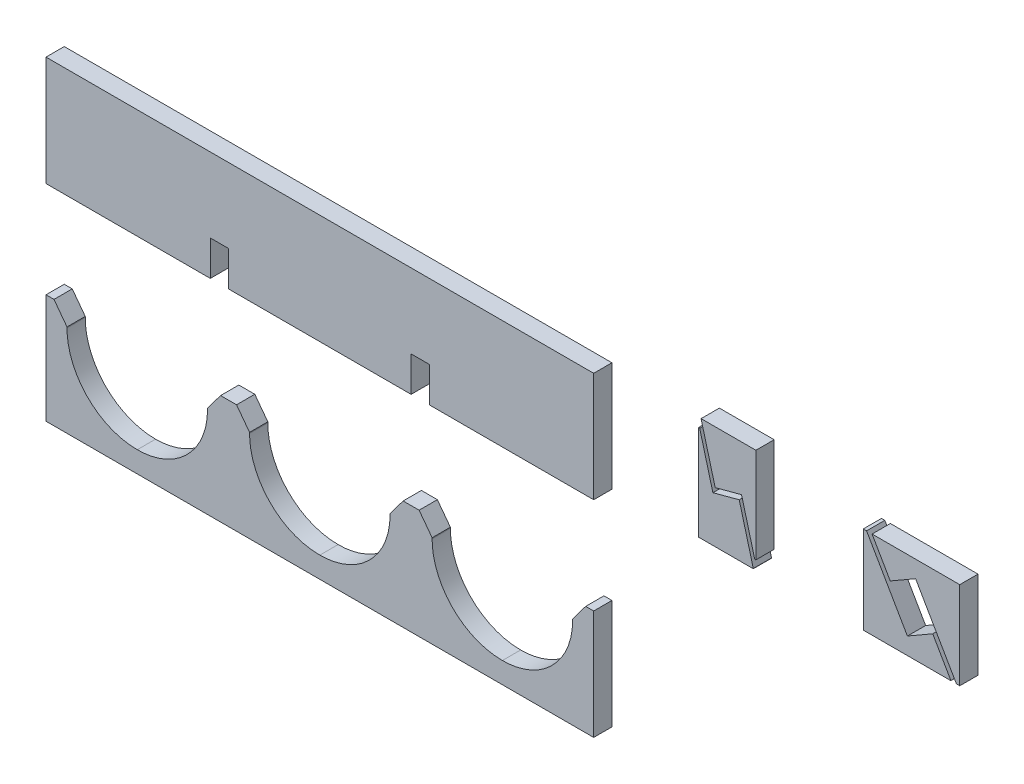
SolidWorks part; units mm, degrees
ref_plane "Plan de face" through (0, 0, 0) normal (0, 0, 1) x (1, 0, 0)
ref_plane "Plan de dessus" through (0, 0, 0) normal (0, 1, 0) x (1, 0, 0)
ref_plane "Plan de droite" through (0, 0, 0) normal (1, 0, 0) x (0, 0, -1)
sketch "Model" plane through (0, 0, 0) normal (0, 0, 1) x (1, 0, 0)
  line L0 (245.9874, -237.2413) -> (238.8578, -227.7328)
  line L1 (238.8578, -227.7328) -> (230.1045, -227.7328)
  line L2 (230.1045, -227.7328) -> (222.975, -237.2414)
  line L3 (145.9874, -237.2413) -> (138.8578, -227.7328)
  line L4 (138.8578, -227.7328) -> (130.1045, -227.7328)
  line L5 (130.1045, -227.7328) -> (122.975, -237.2414)
  line L6 (45.9874, -237.2413) -> (38.8578, -227.7328)
  line L7 (38.8578, -227.7328) -> (34.4812, -227.7328)
  line L8 (34.4812, -227.7328) -> (34.4812, -287.7328)
  line L9 (34.4812, -287.7328) -> (334.4812, -287.7328)
  line L10 (334.4812, -287.7328) -> (334.4812, -227.7328)
  line L11 (334.4812, -227.7328) -> (330.1046, -227.7328)
  line L12 (330.1046, -227.7328) -> (322.9749, -237.2414)
  line L13 (414.2075, -135.117) -> (399.7789, -138.9831)
  line L14 (399.7789, -138.9831) -> (392.5466, -111.992)
  line L15 (392.5466, -111.992) -> (391.9136, -111.992)
  line L16 (391.9136, -111.992) -> (391.9136, -163.992)
  line L17 (391.9136, -163.992) -> (421.9136, -163.992)
  line L18 (421.9136, -163.992) -> (421.9136, -163.8765)
  line L19 (421.9136, -163.8765) -> (414.2075, -135.117)
  line L20 (401.0381, -135.9304) -> (415.4667, -132.0642)
  line L21 (415.4667, -132.0642) -> (422.6989, -159.0553)
  line L22 (422.6989, -159.0553) -> (423.332, -159.0553)
  line L23 (423.332, -159.0553) -> (423.332, -107.0553)
  line L24 (423.332, -107.0553) -> (393.332, -107.0553)
  line L25 (393.332, -107.0553) -> (393.332, -107.1709)
  line L26 (393.332, -107.1709) -> (401.0381, -135.9304)
  line L27 (34.4812, -114.9778) -> (34.4812, -174.9778)
  line L28 (34.4812, -174.9778) -> (124.4812, -174.9778)
  line L29 (124.4812, -174.9778) -> (124.4812, -164.9778)
  line L30 (124.4812, -164.9778) -> (124.4812, -155.7764)
  line L31 (124.4812, -155.7764) -> (134.4812, -155.7764)
  line L32 (134.4812, -155.7764) -> (134.4812, -164.9778)
  line L33 (134.4812, -164.9778) -> (134.4812, -174.9778)
  line L34 (134.4812, -174.9778) -> (234.4812, -174.9778)
  line L35 (234.4812, -174.9778) -> (234.4812, -164.9778)
  line L36 (234.4812, -164.9778) -> (234.4812, -155.7764)
  line L37 (234.4812, -155.7764) -> (244.4812, -155.7764)
  line L38 (244.4812, -155.7764) -> (244.4812, -164.9778)
  line L39 (244.4812, -164.9778) -> (244.4812, -174.9778)
  line L40 (244.4812, -174.9778) -> (334.4812, -174.9778)
  line L41 (334.4812, -174.9778) -> (334.4812, -114.9778)
  line L42 (334.4812, -114.9778) -> (34.4812, -114.9778)
  line L43 (520.1995, -145.694) -> (506.322, -153.7062)
  line L44 (506.322, -153.7062) -> (483.9621, -114.9778)
  line L45 (483.9621, -114.9778) -> (482.1429, -114.9778)
  line L46 (482.1429, -114.9778) -> (482.1429, -162.9778)
  line L47 (482.1429, -162.9778) -> (530.1429, -162.9778)
  line L48 (530.1429, -162.9778) -> (530.1429, -162.9163)
  line L49 (530.1429, -162.9163) -> (520.1995, -145.694)
  line L50 (496.9421, -132.2616) -> (510.8197, -124.2494)
  line L51 (510.8197, -124.2494) -> (533.1795, -162.9778)
  line L52 (533.1795, -162.9778) -> (534.9988, -162.9778)
  line L53 (534.9988, -162.9778) -> (534.9988, -114.9778)
  line L54 (534.9988, -114.9778) -> (486.9988, -114.9778)
  line L55 (486.9988, -114.9778) -> (486.9988, -115.0393)
  line L56 (486.9988, -115.0393) -> (496.9421, -132.2616)
  spline S0 degree 3 poles (322.9749, -237.2414) (322.977, -237.4052) (322.9812, -237.5685) (322.9812, -237.7328) knots 0 0 0 0 1 1 1 1
  spline S1 degree 3 poles (322.9812, -237.7328) (322.9812, -258.9958) (305.7441, -276.2328) (284.4812, -276.2328) knots 1 1 1 1 2 2 2 2
  spline S2 degree 3 poles (284.4812, -276.2328) (263.2182, -276.2328) (245.9812, -258.9958) (245.9812, -237.7328) knots 2 2 2 2 3 3 3 3
  spline S3 degree 3 poles (245.9812, -237.7328) (245.9812, -237.5685) (245.9854, -237.4052) (245.9874, -237.2413) knots 3 3 3 3 4 4 4 4
  spline S4 degree 3 poles (222.975, -237.2414) (222.977, -237.4052) (222.9812, -237.5685) (222.9812, -237.7328) knots 7 7 7 7 8 8 8 8
  spline S5 degree 3 poles (222.9812, -237.7328) (222.9812, -258.9958) (205.7441, -276.2328) (184.4812, -276.2328) knots 8 8 8 8 9 9 9 9
  spline S6 degree 3 poles (184.4812, -276.2328) (163.2182, -276.2328) (145.9812, -258.9958) (145.9812, -237.7328) knots 9 9 9 9 10 10 10 10
  spline S7 degree 3 poles (145.9812, -237.7328) (145.9812, -237.5685) (145.9854, -237.4052) (145.9874, -237.2413) knots 10 10 10 10 11 11 11 11
  spline S8 degree 3 poles (122.975, -237.2414) (122.977, -237.4052) (122.9812, -237.5685) (122.9812, -237.7328) knots 14 14 14 14 15 15 15 15
  spline S9 degree 3 poles (122.9812, -237.7328) (122.9812, -258.9958) (105.7441, -276.2328) (84.4812, -276.2328) knots 15 15 15 15 16 16 16 16
  spline S10 degree 3 poles (84.4812, -276.2328) (63.2182, -276.2328) (45.9812, -258.9958) (45.9812, -237.7328) knots 16 16 16 16 17 17 17 17
  spline S11 degree 3 poles (45.9812, -237.7328) (45.9812, -237.5685) (45.9853, -237.4052) (45.9874, -237.2413) knots 17 17 17 17 18 18 18 18
extrude "Boss.-Extru.1" add sketch "Model" along normal blind 10

(EXERCISE DESCRIPTION):
Repeat, word for word, the lines above between the line holding "line L41 (334.4812, -174.9778)" and the line holding "spline S0 degree", inclusive; omit everything else.

(SOLUTION):
  line L41 (334.4812, -174.9778) -> (334.4812, -114.9778)
  line L42 (334.4812, -114.9778) -> (34.4812, -114.9778)
  line L43 (520.1995, -145.694) -> (506.322, -153.7062)
  line L44 (506.322, -153.7062) -> (483.9621, -114.9778)
  line L45 (483.9621, -114.9778) -> (482.1429, -114.9778)
  line L46 (482.1429, -114.9778) -> (482.1429, -162.9778)
  line L47 (482.1429, -162.9778) -> (530.1429, -162.9778)
  line L48 (530.1429, -162.9778) -> (530.1429, -162.9163)
  line L49 (530.1429, -162.9163) -> (520.1995, -145.694)
  line L50 (496.9421, -132.2616) -> (510.8197, -124.2494)
  line L51 (510.8197, -124.2494) -> (533.1795, -162.9778)
  line L52 (533.1795, -162.9778) -> (534.9988, -162.9778)
  line L53 (534.9988, -162.9778) -> (534.9988, -114.9778)
  line L54 (534.9988, -114.9778) -> (486.9988, -114.9778)
  line L55 (486.9988, -114.9778) -> (486.9988, -115.0393)
  line L56 (486.9988, -115.0393) -> (496.9421, -132.2616)
  spline S0 degree 3 poles (322.9749, -237.2414) (322.977, -237.4052) (322.9812, -237.5685) (322.9812, -237.7328) knots 0 0 0 0 1 1 1 1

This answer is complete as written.